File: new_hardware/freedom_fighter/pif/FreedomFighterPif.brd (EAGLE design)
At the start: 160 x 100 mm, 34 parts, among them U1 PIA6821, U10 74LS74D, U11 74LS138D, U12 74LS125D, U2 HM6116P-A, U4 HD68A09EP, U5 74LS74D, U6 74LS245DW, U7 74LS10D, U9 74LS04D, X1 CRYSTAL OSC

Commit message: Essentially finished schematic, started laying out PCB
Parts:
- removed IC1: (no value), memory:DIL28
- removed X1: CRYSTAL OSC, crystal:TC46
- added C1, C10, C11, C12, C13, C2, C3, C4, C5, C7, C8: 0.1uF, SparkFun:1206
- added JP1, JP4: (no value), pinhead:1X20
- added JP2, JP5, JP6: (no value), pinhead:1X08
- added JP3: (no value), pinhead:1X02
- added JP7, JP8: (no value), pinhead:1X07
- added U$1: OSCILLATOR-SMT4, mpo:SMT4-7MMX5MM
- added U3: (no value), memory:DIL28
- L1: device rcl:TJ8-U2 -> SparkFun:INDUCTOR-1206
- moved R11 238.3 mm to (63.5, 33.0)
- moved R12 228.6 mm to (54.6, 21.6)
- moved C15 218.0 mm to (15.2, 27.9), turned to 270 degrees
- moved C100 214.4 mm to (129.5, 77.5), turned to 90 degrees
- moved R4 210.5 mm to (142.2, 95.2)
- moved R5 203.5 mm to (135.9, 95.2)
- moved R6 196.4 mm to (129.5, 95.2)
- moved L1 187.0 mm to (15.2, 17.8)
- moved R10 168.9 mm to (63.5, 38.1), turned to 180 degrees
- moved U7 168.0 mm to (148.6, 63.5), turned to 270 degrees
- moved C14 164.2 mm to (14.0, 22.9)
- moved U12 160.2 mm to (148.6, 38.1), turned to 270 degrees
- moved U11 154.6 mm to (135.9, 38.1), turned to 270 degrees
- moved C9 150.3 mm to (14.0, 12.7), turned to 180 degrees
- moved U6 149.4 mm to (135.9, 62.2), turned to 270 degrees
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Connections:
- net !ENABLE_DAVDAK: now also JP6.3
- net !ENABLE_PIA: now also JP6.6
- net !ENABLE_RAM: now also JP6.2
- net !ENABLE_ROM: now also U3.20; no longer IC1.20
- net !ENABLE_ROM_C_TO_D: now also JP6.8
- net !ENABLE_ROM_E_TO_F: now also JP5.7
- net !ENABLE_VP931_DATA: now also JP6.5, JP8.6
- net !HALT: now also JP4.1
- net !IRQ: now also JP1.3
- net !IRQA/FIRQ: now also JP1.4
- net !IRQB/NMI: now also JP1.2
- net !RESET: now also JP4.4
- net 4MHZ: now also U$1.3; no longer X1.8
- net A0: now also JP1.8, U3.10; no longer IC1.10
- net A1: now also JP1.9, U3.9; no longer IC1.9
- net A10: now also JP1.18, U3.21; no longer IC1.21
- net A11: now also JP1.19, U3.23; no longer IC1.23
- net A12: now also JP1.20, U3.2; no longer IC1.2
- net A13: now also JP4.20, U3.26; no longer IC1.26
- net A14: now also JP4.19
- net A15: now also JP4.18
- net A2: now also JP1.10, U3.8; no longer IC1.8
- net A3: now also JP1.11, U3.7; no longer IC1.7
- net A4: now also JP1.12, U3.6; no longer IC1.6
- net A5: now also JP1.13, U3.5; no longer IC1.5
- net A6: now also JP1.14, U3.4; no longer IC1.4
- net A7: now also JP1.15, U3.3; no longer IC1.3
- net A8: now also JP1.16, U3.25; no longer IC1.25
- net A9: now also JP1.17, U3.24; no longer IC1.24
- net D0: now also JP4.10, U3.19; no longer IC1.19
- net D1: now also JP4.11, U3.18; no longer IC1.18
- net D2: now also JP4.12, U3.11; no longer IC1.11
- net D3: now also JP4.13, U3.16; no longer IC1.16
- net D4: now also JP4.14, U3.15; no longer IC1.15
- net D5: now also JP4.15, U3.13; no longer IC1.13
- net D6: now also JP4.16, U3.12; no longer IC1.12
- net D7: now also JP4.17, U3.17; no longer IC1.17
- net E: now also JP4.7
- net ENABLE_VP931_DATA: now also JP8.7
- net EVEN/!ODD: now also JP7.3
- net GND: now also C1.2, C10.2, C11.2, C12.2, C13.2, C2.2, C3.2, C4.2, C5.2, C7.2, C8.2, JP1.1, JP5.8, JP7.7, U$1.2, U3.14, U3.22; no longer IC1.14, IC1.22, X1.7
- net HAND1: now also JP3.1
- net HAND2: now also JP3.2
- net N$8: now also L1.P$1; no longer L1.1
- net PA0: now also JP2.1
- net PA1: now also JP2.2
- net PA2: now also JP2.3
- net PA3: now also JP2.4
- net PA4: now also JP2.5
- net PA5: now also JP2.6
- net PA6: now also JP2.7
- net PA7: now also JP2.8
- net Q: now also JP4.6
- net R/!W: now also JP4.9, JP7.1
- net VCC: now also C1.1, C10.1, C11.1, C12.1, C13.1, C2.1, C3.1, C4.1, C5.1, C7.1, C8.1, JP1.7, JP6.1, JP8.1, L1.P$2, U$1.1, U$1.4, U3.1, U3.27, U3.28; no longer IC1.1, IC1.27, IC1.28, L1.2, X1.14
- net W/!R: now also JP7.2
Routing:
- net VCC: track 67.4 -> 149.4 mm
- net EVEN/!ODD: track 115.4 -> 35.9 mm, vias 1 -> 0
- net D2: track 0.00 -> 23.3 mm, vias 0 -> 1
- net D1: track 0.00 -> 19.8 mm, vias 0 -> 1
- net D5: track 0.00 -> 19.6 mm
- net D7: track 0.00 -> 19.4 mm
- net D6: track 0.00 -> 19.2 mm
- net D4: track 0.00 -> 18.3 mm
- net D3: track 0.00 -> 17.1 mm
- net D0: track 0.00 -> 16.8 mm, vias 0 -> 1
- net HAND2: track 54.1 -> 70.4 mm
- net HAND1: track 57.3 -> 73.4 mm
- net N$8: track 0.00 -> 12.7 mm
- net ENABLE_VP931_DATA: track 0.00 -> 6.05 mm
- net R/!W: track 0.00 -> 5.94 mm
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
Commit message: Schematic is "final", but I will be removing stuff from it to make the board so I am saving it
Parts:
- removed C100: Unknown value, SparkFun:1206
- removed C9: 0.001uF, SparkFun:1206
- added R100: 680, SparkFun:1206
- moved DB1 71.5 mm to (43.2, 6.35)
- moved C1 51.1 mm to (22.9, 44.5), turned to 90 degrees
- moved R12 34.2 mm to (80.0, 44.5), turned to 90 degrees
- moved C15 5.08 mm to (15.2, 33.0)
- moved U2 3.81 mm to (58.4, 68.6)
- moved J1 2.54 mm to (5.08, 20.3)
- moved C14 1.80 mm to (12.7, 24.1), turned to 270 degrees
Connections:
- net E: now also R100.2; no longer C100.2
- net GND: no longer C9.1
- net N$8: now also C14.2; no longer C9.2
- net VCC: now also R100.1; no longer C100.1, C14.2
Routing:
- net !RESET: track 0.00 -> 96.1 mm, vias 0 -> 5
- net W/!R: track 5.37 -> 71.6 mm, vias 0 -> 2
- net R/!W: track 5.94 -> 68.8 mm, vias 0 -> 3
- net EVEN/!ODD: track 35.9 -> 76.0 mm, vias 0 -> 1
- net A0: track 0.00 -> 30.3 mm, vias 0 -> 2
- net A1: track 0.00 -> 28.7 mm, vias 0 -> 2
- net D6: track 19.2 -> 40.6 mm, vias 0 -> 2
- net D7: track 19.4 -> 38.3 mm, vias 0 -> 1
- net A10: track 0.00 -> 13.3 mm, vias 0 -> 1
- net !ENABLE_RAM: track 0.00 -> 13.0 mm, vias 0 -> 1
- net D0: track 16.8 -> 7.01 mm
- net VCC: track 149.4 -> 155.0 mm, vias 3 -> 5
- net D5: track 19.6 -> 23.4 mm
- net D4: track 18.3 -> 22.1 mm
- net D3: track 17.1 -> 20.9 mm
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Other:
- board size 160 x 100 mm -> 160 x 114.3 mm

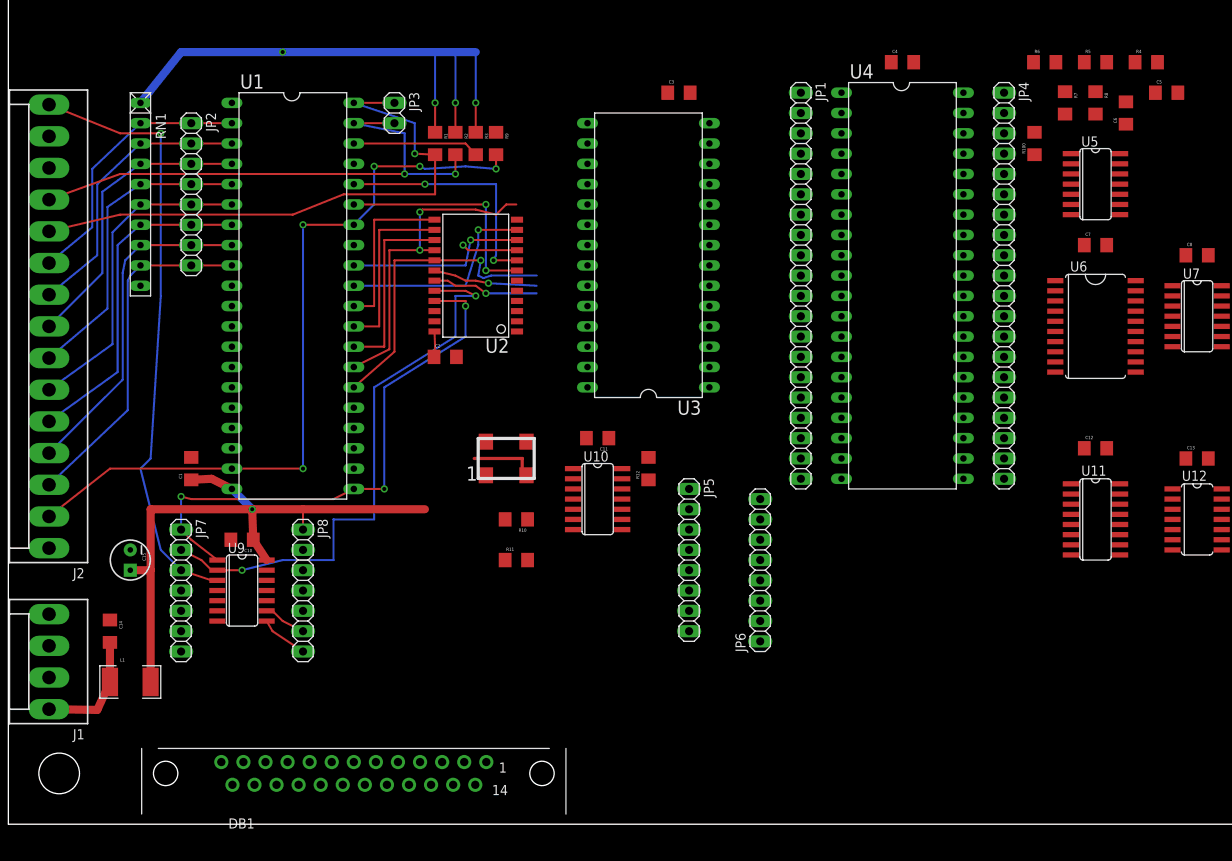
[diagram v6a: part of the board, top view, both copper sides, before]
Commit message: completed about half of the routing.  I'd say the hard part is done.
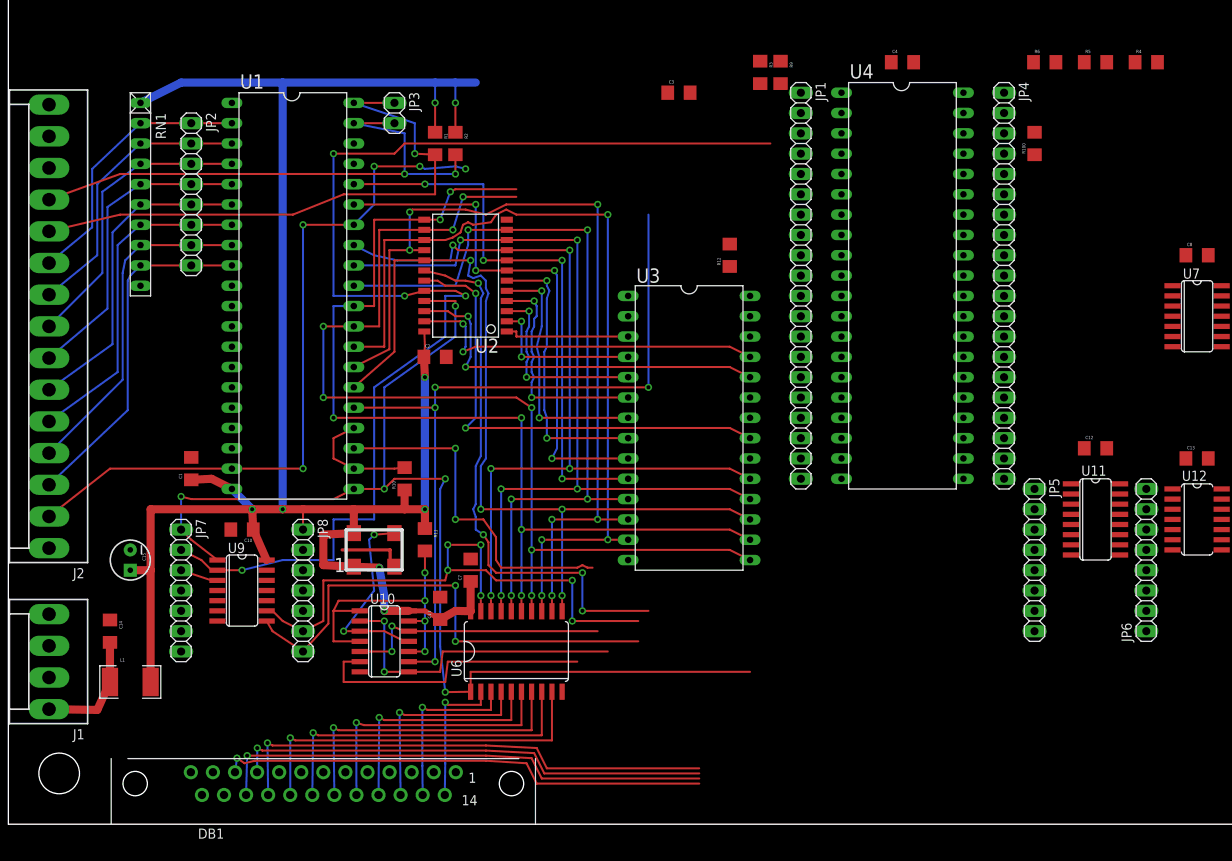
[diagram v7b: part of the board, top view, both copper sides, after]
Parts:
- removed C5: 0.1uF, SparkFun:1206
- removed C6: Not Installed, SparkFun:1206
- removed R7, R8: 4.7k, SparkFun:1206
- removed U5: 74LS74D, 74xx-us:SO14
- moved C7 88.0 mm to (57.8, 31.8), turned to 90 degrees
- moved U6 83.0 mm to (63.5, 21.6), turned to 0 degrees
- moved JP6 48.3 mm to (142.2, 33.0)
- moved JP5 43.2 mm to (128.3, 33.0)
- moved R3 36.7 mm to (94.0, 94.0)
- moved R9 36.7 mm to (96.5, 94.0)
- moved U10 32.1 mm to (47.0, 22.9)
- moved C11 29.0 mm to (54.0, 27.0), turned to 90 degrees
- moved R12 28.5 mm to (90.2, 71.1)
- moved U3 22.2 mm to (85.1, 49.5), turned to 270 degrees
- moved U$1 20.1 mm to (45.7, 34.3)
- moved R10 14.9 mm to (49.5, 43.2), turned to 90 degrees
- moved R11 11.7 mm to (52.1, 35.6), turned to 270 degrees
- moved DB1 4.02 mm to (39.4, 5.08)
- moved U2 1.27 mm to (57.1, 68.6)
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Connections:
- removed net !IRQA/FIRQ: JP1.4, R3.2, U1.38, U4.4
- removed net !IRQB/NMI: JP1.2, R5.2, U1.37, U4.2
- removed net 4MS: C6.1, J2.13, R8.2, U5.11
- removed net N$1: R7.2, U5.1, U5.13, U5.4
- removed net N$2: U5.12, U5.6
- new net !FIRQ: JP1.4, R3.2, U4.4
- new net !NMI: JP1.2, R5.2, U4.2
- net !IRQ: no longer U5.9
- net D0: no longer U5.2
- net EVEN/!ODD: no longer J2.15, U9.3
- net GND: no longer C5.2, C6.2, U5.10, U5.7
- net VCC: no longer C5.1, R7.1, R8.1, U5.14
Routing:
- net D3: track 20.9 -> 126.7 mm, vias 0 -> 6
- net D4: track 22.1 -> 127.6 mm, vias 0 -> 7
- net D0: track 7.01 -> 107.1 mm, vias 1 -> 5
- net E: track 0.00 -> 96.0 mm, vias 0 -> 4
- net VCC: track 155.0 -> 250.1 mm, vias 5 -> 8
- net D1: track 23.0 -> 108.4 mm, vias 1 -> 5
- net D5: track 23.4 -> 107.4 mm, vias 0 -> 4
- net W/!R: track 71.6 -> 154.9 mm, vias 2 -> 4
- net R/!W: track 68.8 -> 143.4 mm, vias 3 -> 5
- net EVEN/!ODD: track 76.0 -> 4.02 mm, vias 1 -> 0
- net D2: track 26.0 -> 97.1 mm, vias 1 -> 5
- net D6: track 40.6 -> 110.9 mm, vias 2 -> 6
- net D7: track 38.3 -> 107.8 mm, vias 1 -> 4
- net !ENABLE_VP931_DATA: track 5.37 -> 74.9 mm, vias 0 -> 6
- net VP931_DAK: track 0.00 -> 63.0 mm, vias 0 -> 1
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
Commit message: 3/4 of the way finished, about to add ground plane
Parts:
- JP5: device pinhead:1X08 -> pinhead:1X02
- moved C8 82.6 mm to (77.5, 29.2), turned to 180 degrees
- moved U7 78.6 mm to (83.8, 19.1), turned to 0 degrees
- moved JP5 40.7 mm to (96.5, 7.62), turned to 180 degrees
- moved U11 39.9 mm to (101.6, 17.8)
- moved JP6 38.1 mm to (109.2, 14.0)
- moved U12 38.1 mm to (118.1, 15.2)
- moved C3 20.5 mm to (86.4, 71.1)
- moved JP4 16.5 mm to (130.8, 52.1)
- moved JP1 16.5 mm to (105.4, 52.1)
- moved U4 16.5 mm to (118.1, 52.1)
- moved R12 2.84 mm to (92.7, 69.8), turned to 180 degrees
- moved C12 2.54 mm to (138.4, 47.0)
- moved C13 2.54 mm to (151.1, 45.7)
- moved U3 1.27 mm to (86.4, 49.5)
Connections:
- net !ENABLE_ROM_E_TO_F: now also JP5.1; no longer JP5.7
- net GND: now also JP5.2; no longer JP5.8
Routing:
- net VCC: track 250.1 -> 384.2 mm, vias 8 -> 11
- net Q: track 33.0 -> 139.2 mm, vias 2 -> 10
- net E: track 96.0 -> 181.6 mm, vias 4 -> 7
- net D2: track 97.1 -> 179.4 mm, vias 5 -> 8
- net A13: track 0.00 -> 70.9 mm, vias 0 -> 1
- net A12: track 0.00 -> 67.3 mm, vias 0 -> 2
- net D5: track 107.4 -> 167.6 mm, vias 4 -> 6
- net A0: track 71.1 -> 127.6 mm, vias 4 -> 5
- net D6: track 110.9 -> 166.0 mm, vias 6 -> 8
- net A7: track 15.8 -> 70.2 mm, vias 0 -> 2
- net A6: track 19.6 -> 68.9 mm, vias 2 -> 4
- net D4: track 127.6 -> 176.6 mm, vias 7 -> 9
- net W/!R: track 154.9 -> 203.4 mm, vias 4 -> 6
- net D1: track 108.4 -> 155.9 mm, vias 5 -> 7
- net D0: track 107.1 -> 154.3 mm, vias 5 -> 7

────────────────

PROMPT = Give again, word for word, every line of the listing above from the one with "- moved C8 82.6" to the one with "- moved JP1 16.5 mm to (105.4, 52.1)", both inclusive, and nothing beyond them.

WRITTEN RESPONSE =
- moved C8 82.6 mm to (77.5, 29.2), turned to 180 degrees
- moved U7 78.6 mm to (83.8, 19.1), turned to 0 degrees
- moved JP5 40.7 mm to (96.5, 7.62), turned to 180 degrees
- moved U11 39.9 mm to (101.6, 17.8)
- moved JP6 38.1 mm to (109.2, 14.0)
- moved U12 38.1 mm to (118.1, 15.2)
- moved C3 20.5 mm to (86.4, 71.1)
- moved JP4 16.5 mm to (130.8, 52.1)
- moved JP1 16.5 mm to (105.4, 52.1)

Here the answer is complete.